*** Opening PROVIDED ENTRIES ***

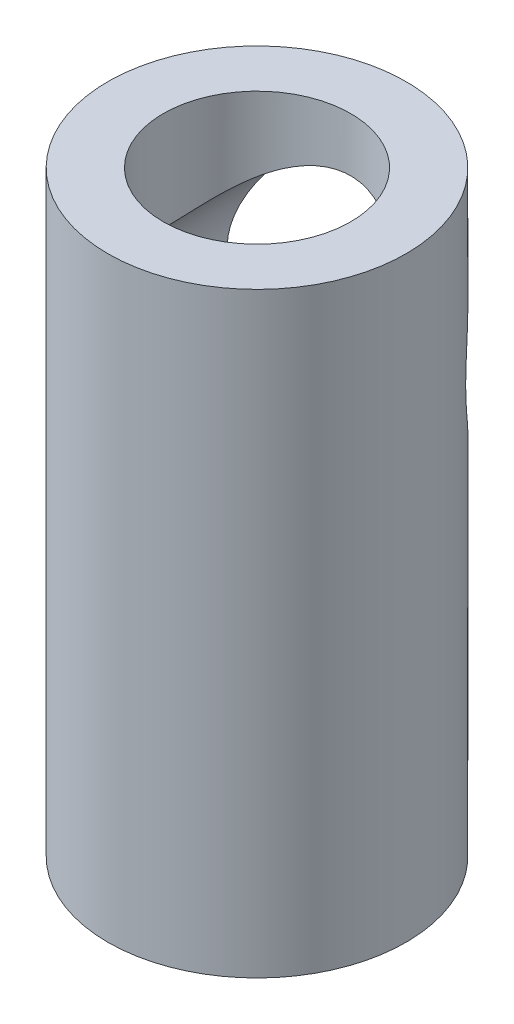
from build123d import *

# Parameters (mm, degrees)
SKETCH1_R           = 3.175
SKETCH1_R_2         = 1.99644
BOSS_EXTRUDE1_DEPTH = 12.7
SKETCH4_R           = 2.54
CUT_EXTRUDE1_DEPTH  = 3.175


with BuildPart() as part:
    # Sketch1 → Boss-Extrude1 (new body)
    with BuildSketch(Plane(origin=(0, 0, 0), x_dir=(1, 0, 0), z_dir=(0, 1, 0))):
        Circle(SKETCH1_R)
        Circle(SKETCH1_R_2, mode=Mode.SUBTRACT)
    extrude(amount=BOSS_EXTRUDE1_DEPTH)

    # Sketch4 → Cut-Extrude1 (cut)
    with BuildSketch(Plane(origin=(0, 12.7, -3.175), x_dir=(-1, 0, 0), z_dir=(0, 0, -1))):
        with Locations((0, -3.68808)):
            Circle(SKETCH4_R)
    extrude(amount=-CUT_EXTRUDE1_DEPTH, mode=Mode.SUBTRACT)


solid = part.part
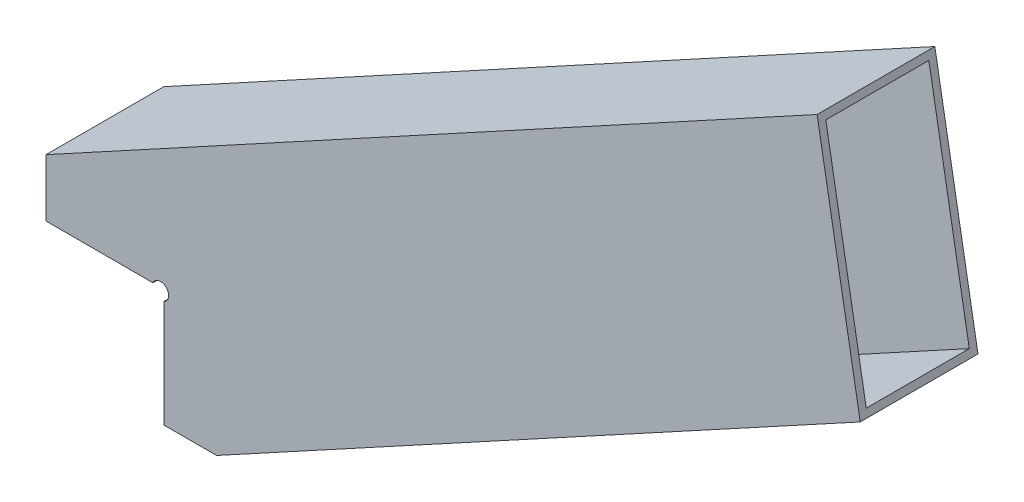
from build123d import *

# Parameters (mm, degrees)
BOSS_EXTRUDE1_DEPTH = 25.4
SHELL1_T            = -1.5875
SKETCH2_R           = 1.771315789
CUT_EXTRUDE1_DEPTH  = 204.738799344


with BuildPart() as part:
    # Sketch1 → Boss-Extrude1 (new body)
    with BuildSketch(Plane.XY):
        Polygon((144.10436, 131.64058), (-22.225, 40.975970561), (-22.225, 28.575), (3.175, 28.575), (3.175, 3.175), (14.568567723, 3.175), (153.411525172, 78.857023369), align=None)
    extrude(amount=BOSS_EXTRUDE1_DEPTH)

    # Shell1
    shell1_openings = [part.faces().sort_by_distance(p)[0] for p in [
        (-9.525, 28.575, 12.7),
        (3.175, 15.875, 12.7),
        (148.757942586, 105.248801685, 12.7),
        (8.871783861, 3.175, 12.7),
        (-22.225, 34.77548528, 12.7),
    ]]
    offset(amount=SHELL1_T, openings=shell1_openings, kind=Kind.INTERSECTION)

    # Sketch2 → Cut-Extrude1 (cut, through all)
    with BuildSketch(Plane.XY.offset(25.4)):
        with Locations((2.461305961, 27.861305961)):
            Circle(SKETCH2_R)
    extrude(amount=-CUT_EXTRUDE1_DEPTH, mode=Mode.SUBTRACT)


solid = part.part

*** Closing PROVIDED ENTRIES ***

Your answer should reproduce each line of the listing that holds the word "origin".

    with BuildSketch(Plane(origin=(0, 0, 0), x_dir=(1, 0, 0), z_dir=(0, 1, 0))):
    with BuildSketch(Plane(origin=(0, 12.7, -3.175), x_dir=(-1, 0, 0), z_dir=(0, 0, -1))):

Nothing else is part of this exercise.